*Provided entries*
Content starts

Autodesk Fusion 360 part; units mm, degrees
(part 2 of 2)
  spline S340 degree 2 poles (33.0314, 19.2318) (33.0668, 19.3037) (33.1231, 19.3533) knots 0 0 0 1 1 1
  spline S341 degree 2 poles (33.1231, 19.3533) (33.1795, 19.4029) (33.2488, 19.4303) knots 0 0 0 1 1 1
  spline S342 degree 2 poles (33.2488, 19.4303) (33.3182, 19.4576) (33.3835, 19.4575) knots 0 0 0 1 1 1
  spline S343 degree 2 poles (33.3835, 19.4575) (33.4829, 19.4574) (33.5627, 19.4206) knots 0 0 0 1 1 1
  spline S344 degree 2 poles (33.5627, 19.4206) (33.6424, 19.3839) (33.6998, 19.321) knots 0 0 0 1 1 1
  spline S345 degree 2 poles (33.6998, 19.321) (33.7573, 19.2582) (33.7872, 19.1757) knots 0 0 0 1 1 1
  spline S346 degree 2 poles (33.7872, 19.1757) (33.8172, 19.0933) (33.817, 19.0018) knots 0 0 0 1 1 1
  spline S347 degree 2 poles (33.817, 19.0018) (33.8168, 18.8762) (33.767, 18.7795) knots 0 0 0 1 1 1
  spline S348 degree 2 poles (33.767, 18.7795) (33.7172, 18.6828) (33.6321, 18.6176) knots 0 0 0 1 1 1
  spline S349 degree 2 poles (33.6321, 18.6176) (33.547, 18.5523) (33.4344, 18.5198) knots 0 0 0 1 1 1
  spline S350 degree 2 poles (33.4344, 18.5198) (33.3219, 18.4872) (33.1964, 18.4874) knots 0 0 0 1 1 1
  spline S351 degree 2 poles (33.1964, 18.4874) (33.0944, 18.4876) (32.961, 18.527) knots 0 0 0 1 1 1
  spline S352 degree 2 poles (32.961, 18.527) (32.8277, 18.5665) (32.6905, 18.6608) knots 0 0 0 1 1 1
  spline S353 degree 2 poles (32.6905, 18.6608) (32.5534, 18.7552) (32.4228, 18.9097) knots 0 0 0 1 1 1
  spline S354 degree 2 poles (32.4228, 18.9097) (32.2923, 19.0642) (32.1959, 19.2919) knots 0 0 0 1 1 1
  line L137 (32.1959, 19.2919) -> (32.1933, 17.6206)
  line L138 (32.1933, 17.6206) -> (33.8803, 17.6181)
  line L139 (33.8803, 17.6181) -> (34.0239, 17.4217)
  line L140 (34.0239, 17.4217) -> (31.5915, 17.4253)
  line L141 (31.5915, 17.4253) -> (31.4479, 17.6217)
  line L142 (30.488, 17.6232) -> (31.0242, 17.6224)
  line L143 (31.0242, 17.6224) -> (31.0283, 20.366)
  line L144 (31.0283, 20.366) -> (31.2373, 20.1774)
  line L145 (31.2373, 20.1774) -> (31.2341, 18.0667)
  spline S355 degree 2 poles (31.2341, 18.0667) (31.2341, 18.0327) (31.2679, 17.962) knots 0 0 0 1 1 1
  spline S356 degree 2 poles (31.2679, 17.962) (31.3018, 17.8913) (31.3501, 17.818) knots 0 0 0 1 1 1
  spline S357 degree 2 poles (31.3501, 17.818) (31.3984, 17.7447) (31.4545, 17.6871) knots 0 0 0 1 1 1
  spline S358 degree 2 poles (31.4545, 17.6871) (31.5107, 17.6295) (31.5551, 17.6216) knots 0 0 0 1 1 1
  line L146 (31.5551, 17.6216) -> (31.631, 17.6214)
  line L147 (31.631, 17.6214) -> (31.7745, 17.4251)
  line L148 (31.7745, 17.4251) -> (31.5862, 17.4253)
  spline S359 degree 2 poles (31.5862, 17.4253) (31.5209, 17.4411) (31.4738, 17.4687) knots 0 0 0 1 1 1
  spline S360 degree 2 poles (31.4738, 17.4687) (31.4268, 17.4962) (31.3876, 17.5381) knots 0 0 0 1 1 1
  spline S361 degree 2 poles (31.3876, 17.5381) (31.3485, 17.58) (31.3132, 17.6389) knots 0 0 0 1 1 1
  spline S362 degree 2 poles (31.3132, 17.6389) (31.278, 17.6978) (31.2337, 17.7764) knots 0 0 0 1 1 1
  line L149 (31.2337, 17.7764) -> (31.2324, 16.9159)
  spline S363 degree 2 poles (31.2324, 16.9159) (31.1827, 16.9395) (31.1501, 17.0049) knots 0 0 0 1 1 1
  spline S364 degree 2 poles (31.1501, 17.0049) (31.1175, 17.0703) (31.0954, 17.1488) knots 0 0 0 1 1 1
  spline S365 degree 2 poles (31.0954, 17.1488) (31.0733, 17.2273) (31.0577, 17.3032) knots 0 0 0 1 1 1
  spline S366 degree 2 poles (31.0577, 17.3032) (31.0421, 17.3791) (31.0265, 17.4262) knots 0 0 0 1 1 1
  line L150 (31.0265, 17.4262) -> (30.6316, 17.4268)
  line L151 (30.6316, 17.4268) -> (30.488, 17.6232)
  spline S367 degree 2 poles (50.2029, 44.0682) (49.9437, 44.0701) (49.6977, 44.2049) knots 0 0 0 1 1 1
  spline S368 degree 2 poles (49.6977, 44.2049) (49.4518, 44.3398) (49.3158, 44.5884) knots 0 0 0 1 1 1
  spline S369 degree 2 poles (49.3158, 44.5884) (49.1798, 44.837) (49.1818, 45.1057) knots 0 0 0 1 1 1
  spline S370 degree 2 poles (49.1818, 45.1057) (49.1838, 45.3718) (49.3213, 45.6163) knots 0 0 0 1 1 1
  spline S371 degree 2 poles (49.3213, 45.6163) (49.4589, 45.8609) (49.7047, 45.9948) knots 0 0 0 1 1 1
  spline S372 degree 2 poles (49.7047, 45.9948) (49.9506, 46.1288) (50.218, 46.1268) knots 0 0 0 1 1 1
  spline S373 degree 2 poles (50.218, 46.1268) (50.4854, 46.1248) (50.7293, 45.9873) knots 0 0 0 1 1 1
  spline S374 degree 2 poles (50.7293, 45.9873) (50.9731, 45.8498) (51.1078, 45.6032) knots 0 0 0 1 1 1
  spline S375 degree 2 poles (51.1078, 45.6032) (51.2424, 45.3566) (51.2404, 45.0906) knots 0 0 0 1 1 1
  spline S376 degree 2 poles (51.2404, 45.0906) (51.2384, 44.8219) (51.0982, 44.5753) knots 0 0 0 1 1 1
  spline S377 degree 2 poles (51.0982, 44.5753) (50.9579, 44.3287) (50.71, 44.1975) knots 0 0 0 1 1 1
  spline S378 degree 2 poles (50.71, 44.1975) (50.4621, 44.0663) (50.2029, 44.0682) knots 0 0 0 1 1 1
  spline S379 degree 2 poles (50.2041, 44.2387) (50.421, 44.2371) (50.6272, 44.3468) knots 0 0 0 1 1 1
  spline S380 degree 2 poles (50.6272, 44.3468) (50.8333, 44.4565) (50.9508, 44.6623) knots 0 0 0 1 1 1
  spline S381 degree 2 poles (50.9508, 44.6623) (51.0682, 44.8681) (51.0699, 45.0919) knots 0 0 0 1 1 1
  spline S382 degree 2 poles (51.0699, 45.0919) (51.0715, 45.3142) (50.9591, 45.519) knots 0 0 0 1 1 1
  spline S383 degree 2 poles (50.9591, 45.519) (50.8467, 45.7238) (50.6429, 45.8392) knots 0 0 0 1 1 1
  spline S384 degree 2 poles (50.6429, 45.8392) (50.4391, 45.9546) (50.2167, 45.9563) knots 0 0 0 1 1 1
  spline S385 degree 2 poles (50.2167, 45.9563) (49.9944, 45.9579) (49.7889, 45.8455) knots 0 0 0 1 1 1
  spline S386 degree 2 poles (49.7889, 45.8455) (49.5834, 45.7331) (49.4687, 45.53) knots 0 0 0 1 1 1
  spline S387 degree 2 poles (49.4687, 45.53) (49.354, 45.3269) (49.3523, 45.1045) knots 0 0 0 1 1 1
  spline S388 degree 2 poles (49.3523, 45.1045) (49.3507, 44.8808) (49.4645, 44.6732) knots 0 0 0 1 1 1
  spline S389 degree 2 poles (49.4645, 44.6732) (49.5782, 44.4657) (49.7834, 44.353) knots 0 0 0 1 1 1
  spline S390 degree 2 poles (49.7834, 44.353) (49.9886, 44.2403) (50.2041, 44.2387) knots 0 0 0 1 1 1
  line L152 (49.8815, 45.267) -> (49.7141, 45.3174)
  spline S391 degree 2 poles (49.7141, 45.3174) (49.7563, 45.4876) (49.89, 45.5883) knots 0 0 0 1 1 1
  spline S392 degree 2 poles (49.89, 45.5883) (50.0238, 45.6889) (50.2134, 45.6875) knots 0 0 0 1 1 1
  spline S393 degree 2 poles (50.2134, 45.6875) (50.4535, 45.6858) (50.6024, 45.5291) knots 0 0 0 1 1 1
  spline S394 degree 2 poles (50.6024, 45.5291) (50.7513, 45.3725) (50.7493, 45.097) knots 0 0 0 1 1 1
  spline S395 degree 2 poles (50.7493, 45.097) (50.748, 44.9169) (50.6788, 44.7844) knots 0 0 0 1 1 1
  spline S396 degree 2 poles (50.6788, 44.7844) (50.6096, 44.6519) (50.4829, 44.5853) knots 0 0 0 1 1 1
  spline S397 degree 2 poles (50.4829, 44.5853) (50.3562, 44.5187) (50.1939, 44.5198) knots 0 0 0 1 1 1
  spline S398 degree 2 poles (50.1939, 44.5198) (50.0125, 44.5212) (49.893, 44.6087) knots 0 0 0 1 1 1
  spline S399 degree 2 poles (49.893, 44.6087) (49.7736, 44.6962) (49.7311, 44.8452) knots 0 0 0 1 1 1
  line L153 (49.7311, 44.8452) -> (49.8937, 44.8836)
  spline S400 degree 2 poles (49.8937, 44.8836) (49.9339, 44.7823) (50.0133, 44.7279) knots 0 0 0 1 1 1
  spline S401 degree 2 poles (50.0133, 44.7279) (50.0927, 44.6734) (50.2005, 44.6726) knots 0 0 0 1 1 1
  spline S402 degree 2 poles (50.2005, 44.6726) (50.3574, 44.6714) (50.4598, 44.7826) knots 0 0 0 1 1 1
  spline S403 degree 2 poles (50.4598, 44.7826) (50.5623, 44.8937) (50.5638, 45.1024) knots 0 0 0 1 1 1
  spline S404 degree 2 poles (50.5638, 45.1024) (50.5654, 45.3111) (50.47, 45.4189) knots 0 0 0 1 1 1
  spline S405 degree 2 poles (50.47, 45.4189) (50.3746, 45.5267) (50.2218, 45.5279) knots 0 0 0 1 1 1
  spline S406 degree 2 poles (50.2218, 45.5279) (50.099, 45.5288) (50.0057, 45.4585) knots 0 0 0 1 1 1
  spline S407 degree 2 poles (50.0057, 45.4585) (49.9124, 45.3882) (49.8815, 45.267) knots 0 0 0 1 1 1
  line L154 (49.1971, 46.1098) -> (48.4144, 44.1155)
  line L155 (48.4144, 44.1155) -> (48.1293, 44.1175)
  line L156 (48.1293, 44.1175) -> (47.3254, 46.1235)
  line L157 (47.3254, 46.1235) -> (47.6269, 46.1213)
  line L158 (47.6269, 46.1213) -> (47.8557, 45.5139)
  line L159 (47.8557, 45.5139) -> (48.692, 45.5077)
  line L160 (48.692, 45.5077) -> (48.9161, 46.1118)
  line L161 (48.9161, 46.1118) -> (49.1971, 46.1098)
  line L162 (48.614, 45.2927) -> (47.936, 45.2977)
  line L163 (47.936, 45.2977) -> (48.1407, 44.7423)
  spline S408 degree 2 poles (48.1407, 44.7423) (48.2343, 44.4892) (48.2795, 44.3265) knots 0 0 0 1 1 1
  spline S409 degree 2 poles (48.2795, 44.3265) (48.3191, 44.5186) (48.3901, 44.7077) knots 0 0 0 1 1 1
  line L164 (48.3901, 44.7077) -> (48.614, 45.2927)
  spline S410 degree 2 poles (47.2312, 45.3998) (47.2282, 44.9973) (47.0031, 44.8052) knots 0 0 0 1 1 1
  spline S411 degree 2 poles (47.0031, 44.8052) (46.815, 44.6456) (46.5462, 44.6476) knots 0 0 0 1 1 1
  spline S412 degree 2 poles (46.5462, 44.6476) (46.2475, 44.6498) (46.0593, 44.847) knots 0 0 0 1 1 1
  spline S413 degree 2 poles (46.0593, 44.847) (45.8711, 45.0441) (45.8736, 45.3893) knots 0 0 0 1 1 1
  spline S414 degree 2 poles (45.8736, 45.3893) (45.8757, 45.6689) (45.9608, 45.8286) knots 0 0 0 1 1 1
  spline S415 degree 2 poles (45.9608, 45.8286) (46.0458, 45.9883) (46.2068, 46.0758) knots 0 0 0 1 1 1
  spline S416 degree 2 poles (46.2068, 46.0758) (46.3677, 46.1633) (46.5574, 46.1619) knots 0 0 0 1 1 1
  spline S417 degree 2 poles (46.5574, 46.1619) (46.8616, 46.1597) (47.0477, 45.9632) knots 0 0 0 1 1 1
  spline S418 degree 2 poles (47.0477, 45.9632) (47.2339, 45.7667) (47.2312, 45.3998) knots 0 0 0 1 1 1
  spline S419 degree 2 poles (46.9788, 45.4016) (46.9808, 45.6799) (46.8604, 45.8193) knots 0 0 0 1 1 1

Content ends

*Task description*
Please write out exactly the lines from the start of the data through the line that contains "spline S345 degree", both ends included, and nothing else.

*Exercise output*
Autodesk Fusion 360 part; units mm, degrees
(part 2 of 2)
  spline S340 degree 2 poles (33.0314, 19.2318) (33.0668, 19.3037) (33.1231, 19.3533) knots 0 0 0 1 1 1
  spline S341 degree 2 poles (33.1231, 19.3533) (33.1795, 19.4029) (33.2488, 19.4303) knots 0 0 0 1 1 1
  spline S342 degree 2 poles (33.2488, 19.4303) (33.3182, 19.4576) (33.3835, 19.4575) knots 0 0 0 1 1 1
  spline S343 degree 2 poles (33.3835, 19.4575) (33.4829, 19.4574) (33.5627, 19.4206) knots 0 0 0 1 1 1
  spline S344 degree 2 poles (33.5627, 19.4206) (33.6424, 19.3839) (33.6998, 19.321) knots 0 0 0 1 1 1
  spline S345 degree 2 poles (33.6998, 19.321) (33.7573, 19.2582) (33.7872, 19.1757) knots 0 0 0 1 1 1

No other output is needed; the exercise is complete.